Within the records below is a range that opens at the line with "Schematic: PANEL_EXTENSION.sch, FLIPDOT_DRIVER" and closes at the line with "COL_MODE_SEL: R92.1, U22.6". Return that range word for word, both ends included, and only that range.

Stored data: Begin

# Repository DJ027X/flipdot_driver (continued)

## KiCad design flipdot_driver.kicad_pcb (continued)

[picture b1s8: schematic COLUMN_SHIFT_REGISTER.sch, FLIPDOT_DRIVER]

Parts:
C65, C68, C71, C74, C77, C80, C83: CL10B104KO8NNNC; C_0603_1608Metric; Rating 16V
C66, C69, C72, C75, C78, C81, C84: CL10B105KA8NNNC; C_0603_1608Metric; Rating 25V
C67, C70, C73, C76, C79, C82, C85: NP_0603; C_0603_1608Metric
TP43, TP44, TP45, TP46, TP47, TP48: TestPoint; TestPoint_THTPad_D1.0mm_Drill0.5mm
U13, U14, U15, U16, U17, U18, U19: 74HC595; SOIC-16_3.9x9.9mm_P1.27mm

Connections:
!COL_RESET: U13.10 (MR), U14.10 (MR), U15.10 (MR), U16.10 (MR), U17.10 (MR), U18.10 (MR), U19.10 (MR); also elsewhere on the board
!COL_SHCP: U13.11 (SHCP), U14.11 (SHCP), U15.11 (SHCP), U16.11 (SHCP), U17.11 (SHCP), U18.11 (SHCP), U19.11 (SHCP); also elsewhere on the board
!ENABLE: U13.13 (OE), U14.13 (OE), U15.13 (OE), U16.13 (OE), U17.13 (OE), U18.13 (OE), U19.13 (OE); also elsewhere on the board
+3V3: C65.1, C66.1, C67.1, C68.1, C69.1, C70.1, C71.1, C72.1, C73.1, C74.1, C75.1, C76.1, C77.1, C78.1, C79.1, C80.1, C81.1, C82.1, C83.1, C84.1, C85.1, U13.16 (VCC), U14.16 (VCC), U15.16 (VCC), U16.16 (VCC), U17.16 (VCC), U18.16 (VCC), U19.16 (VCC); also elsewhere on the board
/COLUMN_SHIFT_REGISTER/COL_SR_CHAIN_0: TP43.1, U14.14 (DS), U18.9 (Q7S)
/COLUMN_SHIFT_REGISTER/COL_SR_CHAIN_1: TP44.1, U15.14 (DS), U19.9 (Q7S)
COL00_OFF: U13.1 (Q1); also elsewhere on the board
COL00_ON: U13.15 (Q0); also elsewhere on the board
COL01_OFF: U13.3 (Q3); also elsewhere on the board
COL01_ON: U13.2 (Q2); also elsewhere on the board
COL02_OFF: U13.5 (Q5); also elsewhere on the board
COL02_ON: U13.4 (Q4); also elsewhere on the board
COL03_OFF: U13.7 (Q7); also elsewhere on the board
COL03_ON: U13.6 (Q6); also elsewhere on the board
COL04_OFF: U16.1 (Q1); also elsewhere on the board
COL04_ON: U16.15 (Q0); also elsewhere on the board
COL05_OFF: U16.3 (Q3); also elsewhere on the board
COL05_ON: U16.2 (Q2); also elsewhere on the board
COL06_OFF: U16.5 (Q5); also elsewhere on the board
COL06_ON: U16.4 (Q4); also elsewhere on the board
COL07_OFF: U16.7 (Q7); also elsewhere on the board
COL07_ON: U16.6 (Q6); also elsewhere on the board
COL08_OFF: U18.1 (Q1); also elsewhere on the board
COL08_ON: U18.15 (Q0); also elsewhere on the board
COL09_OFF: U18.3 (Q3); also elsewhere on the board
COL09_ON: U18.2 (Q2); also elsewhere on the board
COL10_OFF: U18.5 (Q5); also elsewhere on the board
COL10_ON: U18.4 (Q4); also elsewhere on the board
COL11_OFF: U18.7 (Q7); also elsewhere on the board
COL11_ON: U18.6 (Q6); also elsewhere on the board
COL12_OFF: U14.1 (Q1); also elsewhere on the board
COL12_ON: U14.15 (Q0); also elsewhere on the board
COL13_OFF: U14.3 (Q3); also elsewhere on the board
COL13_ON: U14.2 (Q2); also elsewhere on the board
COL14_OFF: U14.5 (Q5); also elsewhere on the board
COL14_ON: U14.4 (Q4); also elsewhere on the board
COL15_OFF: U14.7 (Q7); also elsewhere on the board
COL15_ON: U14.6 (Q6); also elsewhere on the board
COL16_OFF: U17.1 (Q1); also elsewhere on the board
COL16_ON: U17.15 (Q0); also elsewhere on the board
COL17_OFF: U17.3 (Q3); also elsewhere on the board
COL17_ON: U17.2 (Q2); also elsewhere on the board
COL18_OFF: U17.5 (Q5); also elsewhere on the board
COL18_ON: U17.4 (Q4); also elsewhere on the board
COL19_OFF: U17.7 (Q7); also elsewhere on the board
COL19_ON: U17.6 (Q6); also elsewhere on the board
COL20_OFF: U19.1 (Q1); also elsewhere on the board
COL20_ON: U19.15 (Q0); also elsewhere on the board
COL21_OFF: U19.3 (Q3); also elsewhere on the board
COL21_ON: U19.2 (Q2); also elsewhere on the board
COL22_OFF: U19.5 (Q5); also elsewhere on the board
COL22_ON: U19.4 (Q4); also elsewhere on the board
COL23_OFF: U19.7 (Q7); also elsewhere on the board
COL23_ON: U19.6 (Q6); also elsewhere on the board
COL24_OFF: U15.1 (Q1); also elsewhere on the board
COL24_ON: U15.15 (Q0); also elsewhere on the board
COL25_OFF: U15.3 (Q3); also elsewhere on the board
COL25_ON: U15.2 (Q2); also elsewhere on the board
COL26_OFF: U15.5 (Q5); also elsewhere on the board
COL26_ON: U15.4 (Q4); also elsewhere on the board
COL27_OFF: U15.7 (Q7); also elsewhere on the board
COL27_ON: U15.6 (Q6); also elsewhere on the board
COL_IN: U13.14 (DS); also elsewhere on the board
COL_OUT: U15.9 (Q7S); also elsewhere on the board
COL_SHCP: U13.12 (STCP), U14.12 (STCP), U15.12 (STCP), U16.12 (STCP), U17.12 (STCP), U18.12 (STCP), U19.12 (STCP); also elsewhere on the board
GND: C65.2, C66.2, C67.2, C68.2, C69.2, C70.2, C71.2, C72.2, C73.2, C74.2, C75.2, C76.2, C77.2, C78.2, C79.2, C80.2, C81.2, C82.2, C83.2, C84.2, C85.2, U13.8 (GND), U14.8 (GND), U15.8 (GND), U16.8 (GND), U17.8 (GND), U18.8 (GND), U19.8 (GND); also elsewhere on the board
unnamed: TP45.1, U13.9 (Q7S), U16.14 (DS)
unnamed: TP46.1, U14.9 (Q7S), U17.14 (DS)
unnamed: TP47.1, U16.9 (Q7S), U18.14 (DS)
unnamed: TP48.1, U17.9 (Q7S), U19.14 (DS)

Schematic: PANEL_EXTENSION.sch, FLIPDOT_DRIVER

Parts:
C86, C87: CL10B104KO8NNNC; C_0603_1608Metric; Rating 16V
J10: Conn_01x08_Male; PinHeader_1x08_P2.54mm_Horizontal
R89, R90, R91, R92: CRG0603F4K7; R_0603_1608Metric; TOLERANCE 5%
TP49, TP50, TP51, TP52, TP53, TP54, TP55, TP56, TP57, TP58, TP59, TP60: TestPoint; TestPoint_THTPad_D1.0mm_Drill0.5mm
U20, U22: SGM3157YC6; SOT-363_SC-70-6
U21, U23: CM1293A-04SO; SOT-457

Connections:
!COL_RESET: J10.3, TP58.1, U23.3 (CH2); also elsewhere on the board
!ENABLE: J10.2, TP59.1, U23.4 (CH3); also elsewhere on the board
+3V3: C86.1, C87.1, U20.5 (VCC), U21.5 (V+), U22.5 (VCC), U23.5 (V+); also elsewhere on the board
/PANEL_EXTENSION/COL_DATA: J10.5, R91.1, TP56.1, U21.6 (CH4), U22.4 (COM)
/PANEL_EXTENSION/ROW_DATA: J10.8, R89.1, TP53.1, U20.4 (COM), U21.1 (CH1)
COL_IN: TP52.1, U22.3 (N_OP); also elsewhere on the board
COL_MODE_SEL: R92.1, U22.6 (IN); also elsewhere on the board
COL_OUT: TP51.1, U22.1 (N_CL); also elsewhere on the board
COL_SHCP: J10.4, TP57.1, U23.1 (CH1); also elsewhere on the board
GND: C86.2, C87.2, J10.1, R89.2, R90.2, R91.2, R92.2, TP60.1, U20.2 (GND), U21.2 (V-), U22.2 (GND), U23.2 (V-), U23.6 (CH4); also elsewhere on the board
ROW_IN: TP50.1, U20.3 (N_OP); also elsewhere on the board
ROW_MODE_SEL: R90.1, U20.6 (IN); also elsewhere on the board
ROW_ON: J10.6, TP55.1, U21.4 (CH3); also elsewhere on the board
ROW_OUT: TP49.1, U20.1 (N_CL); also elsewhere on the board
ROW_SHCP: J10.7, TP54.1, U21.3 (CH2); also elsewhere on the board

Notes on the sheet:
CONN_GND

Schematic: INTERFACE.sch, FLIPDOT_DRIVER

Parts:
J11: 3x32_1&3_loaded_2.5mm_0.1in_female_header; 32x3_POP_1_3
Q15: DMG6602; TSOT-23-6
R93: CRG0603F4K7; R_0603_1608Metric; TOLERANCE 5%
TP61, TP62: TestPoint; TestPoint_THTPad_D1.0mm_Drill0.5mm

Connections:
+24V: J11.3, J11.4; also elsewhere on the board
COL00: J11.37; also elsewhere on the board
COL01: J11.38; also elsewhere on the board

Stored data: End

_Answer for the task_
Schematic: PANEL_EXTENSION.sch, FLIPDOT_DRIVER

Parts:
C86, C87: CL10B104KO8NNNC; C_0603_1608Metric; Rating 16V
J10: Conn_01x08_Male; PinHeader_1x08_P2.54mm_Horizontal
R89, R90, R91, R92: CRG0603F4K7; R_0603_1608Metric; TOLERANCE 5%
TP49, TP50, TP51, TP52, TP53, TP54, TP55, TP56, TP57, TP58, TP59, TP60: TestPoint; TestPoint_THTPad_D1.0mm_Drill0.5mm
U20, U22: SGM3157YC6; SOT-363_SC-70-6
U21, U23: CM1293A-04SO; SOT-457

Connections:
!COL_RESET: J10.3, TP58.1, U23.3 (CH2); also elsewhere on the board
!ENABLE: J10.2, TP59.1, U23.4 (CH3); also elsewhere on the board
+3V3: C86.1, C87.1, U20.5 (VCC), U21.5 (V+), U22.5 (VCC), U23.5 (V+); also elsewhere on the board
/PANEL_EXTENSION/COL_DATA: J10.5, R91.1, TP56.1, U21.6 (CH4), U22.4 (COM)
/PANEL_EXTENSION/ROW_DATA: J10.8, R89.1, TP53.1, U20.4 (COM), U21.1 (CH1)
COL_IN: TP52.1, U22.3 (N_OP); also elsewhere on the board
COL_MODE_SEL: R92.1, U22.6 (IN); also elsewhere on the board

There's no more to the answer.